Activity: Using the listing below, say how many of its lines hold "draft". Offer nothing beyond the number.

Dataset records:
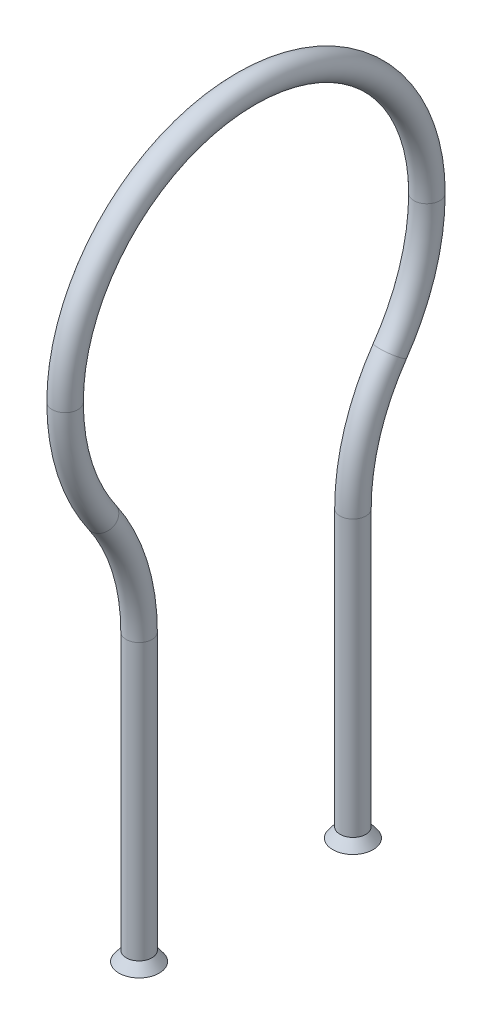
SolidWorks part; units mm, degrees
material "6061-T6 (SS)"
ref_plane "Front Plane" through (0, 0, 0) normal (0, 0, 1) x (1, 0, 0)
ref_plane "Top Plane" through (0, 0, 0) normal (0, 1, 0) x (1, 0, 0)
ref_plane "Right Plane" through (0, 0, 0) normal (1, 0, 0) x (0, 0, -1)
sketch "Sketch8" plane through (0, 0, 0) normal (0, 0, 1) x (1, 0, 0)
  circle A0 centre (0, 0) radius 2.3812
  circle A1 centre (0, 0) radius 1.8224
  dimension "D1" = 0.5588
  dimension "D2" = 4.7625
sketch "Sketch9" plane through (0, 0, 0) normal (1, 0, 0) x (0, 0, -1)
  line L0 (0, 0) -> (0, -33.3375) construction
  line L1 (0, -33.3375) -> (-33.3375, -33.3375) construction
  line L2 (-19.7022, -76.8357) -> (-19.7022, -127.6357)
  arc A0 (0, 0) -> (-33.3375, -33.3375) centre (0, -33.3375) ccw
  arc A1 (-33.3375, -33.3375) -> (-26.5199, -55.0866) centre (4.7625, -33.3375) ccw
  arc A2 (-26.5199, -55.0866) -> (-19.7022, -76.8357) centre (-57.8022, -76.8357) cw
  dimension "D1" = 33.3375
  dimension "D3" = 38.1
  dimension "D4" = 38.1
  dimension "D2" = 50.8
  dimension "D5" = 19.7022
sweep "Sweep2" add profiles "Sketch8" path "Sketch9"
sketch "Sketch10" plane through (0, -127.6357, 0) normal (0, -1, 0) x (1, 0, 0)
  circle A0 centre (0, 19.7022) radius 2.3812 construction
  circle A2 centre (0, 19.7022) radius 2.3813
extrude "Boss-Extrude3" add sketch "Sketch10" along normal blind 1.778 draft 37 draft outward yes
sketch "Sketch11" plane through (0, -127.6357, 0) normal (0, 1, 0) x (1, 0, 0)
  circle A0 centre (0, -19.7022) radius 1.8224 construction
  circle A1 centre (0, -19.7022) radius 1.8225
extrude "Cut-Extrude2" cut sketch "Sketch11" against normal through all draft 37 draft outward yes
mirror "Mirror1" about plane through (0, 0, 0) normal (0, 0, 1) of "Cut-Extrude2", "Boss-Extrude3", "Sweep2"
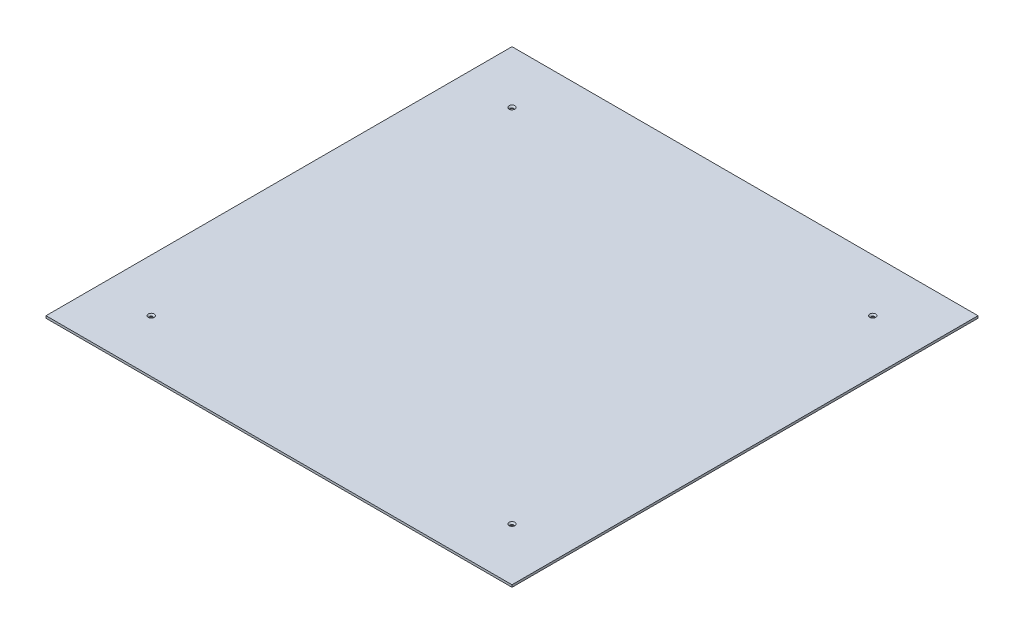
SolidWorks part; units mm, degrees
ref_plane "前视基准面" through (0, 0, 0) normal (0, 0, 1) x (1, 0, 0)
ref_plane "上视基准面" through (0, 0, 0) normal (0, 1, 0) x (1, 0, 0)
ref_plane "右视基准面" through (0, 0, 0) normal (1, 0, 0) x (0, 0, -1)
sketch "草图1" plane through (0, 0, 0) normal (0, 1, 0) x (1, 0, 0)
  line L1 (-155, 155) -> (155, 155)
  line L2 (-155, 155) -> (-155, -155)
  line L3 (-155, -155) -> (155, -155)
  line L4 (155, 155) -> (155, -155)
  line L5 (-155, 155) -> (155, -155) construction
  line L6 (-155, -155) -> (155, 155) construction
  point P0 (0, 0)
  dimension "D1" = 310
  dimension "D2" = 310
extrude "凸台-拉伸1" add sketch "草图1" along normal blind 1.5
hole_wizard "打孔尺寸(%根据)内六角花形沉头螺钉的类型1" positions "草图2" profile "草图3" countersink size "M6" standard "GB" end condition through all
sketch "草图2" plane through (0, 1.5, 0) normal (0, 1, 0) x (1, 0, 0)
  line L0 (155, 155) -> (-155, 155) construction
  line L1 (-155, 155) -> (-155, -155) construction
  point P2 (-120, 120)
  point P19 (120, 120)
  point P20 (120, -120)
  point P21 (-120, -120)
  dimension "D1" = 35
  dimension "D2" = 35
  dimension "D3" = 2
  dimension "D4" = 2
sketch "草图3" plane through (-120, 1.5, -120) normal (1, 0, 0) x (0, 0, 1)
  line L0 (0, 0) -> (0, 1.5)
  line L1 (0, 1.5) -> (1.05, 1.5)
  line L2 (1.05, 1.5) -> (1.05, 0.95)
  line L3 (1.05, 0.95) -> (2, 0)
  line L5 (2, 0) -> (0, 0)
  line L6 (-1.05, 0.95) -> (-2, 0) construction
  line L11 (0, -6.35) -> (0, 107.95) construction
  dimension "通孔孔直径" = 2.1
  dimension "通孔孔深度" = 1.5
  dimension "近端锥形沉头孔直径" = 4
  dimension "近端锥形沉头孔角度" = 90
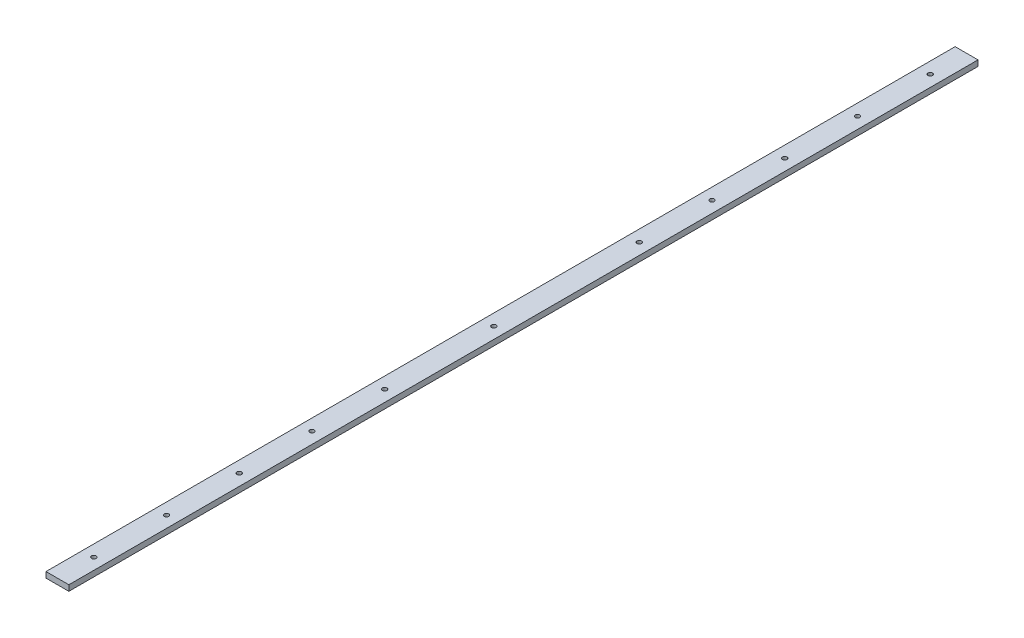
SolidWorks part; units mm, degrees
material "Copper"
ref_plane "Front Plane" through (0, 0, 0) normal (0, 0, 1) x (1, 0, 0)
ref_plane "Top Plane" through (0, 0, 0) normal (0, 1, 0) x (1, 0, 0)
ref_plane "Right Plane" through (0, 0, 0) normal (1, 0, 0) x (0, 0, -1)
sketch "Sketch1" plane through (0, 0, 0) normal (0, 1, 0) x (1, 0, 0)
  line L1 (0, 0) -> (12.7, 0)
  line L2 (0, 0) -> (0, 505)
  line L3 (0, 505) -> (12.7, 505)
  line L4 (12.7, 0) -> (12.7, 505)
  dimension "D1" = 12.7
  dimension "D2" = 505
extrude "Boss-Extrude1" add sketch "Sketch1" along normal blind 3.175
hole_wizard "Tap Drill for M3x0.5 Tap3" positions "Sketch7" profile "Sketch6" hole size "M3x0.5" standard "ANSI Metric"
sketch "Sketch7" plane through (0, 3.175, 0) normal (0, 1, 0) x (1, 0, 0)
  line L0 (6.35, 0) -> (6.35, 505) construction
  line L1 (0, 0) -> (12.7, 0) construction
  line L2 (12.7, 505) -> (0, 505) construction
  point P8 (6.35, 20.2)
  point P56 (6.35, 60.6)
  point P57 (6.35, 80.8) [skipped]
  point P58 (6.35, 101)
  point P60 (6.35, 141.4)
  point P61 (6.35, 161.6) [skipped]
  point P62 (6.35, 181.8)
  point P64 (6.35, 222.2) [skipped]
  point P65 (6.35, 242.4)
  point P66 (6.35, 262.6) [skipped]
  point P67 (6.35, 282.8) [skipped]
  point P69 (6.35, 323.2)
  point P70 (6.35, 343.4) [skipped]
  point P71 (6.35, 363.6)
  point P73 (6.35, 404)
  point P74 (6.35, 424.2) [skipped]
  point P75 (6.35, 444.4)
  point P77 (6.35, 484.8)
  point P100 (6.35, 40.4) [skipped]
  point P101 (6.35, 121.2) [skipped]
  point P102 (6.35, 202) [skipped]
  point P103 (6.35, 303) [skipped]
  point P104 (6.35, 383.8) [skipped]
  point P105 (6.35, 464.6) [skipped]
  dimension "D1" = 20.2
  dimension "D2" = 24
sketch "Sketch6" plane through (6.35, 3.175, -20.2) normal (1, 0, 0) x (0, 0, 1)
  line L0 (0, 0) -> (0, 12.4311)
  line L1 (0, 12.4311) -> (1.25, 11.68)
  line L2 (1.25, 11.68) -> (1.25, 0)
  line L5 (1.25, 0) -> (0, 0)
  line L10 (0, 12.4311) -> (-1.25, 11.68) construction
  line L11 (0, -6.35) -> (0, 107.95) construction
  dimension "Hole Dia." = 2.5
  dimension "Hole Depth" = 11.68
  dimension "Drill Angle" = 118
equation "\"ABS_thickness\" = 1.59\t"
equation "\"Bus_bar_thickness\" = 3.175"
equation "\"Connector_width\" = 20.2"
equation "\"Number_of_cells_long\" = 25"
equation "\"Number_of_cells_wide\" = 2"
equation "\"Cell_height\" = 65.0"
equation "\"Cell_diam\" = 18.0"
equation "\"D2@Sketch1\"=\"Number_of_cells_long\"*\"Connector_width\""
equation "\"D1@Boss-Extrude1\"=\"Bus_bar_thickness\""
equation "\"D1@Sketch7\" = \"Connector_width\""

Expected answer: 2